▶ [Given information]
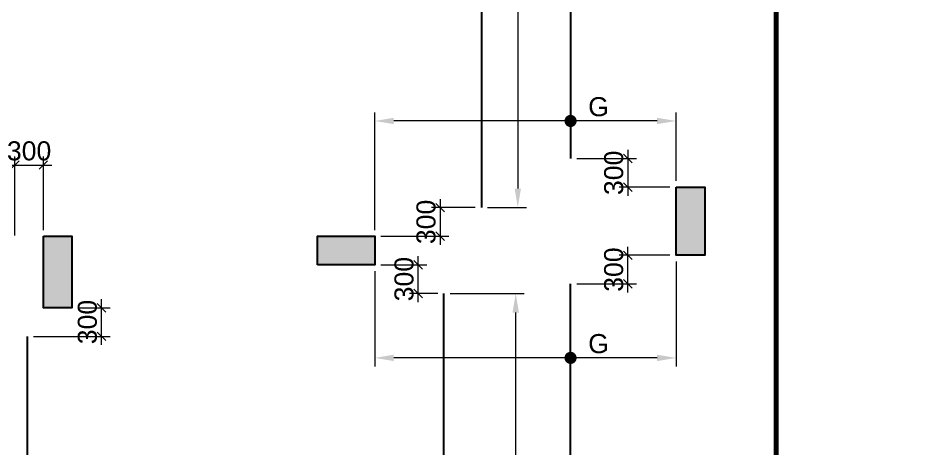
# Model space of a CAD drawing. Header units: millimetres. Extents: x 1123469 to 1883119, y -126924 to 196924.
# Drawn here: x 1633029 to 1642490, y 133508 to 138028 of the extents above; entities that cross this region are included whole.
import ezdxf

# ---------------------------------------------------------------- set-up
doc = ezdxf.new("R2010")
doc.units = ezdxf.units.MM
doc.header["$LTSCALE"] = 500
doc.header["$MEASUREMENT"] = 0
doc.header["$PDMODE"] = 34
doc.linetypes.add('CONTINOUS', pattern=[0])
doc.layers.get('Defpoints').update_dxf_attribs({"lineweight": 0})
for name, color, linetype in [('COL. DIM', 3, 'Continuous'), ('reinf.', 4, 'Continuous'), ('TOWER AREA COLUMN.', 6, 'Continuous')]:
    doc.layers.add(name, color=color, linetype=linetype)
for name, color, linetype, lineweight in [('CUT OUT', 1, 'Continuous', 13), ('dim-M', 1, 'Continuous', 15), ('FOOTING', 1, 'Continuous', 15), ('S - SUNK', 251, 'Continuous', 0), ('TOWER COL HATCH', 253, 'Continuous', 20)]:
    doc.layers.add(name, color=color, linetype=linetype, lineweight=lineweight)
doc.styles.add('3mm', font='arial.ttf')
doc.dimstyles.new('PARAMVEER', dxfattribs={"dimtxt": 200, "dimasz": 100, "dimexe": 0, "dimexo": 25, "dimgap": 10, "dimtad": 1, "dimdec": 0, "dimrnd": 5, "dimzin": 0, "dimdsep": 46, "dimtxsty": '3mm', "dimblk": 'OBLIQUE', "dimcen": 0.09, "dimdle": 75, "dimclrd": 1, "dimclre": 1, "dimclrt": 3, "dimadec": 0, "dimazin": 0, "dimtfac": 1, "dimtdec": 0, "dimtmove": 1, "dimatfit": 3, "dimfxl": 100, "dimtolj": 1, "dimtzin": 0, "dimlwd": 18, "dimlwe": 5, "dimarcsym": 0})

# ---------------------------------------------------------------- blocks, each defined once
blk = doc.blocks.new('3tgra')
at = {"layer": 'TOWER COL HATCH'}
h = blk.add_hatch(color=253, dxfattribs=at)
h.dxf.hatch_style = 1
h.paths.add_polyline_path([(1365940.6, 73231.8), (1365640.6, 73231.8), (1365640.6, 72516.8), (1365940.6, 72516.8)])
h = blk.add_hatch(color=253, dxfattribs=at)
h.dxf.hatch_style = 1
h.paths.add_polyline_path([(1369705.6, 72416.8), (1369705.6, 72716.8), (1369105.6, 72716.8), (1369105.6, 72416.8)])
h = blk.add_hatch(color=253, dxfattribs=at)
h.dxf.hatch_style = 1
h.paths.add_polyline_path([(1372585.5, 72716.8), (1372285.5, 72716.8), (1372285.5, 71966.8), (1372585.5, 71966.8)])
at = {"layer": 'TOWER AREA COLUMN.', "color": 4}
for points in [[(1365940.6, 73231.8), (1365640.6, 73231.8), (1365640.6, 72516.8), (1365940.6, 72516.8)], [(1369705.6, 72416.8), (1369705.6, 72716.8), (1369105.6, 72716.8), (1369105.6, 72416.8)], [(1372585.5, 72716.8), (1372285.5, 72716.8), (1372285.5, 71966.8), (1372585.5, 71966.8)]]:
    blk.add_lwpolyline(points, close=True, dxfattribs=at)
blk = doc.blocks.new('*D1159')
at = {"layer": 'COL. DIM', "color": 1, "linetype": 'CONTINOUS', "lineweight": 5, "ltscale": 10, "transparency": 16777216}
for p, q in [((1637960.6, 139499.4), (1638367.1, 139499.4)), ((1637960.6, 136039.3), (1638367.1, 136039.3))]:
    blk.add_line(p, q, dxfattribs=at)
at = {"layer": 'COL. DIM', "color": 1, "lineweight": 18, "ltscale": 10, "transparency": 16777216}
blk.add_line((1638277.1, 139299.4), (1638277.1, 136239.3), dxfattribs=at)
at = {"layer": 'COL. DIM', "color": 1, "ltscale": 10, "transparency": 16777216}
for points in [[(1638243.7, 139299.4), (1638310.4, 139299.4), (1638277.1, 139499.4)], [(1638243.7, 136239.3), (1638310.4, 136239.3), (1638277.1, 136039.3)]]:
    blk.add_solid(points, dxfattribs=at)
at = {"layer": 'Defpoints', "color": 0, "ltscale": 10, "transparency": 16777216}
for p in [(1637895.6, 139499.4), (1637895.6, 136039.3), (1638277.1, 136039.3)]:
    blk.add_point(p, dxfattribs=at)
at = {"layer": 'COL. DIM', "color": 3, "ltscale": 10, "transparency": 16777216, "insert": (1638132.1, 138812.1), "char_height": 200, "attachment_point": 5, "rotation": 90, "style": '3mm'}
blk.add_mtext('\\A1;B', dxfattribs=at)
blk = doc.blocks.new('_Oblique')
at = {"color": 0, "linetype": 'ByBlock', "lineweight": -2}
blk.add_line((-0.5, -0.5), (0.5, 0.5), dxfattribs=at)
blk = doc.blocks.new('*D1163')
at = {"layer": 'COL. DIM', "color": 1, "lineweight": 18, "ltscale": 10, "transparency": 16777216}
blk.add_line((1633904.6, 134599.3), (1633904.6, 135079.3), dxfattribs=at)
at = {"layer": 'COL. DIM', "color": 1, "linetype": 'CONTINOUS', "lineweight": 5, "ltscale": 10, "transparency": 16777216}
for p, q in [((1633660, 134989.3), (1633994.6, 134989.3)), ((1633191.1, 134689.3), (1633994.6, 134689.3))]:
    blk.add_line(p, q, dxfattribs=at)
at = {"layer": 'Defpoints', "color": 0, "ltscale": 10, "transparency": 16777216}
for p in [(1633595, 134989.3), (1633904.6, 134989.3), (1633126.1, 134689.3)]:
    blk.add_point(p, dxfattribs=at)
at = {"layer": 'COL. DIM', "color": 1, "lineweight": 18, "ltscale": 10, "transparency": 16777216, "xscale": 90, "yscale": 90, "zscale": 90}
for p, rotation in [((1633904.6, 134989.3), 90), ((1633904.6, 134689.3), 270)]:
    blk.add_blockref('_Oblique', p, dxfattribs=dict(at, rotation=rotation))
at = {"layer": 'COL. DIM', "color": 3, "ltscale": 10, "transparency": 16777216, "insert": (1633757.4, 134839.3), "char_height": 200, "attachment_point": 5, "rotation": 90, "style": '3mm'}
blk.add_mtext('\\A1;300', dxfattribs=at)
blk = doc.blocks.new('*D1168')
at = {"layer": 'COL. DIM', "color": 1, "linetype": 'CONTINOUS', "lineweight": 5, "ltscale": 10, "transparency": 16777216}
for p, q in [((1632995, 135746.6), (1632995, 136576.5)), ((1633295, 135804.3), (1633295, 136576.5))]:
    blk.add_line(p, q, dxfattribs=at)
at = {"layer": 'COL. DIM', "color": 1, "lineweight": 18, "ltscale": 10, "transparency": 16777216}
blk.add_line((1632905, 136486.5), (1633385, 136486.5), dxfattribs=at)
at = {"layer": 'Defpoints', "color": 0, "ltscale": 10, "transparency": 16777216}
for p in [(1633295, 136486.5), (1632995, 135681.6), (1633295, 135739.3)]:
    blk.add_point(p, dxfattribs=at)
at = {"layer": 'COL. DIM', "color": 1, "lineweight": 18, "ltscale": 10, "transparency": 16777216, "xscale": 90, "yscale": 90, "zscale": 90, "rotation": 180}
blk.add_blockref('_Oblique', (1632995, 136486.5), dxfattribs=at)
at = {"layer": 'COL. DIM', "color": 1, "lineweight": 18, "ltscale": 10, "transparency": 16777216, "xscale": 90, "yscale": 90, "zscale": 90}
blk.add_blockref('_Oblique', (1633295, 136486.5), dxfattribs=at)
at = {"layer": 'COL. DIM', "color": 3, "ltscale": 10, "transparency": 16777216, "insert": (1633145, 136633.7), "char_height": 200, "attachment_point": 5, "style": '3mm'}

▶ [What is being asked] Nothing should appear in the answer except the lines above from the line with "blk.add_blockref('_Oblique', (1632995, 136486.5), dxfattribs=at)" through the line with "blk.add_blockref('_Oblique', (1633295, 136486.5), dxfattribs=at)", both included, written out exactly.

▶ [Solution]
blk.add_blockref('_Oblique', (1632995, 136486.5), dxfattribs=at)
at = {"layer": 'COL. DIM', "color": 1, "lineweight": 18, "ltscale": 10, "transparency": 16777216, "xscale": 90, "yscale": 90, "zscale": 90}
blk.add_blockref('_Oblique', (1633295, 136486.5), dxfattribs=at)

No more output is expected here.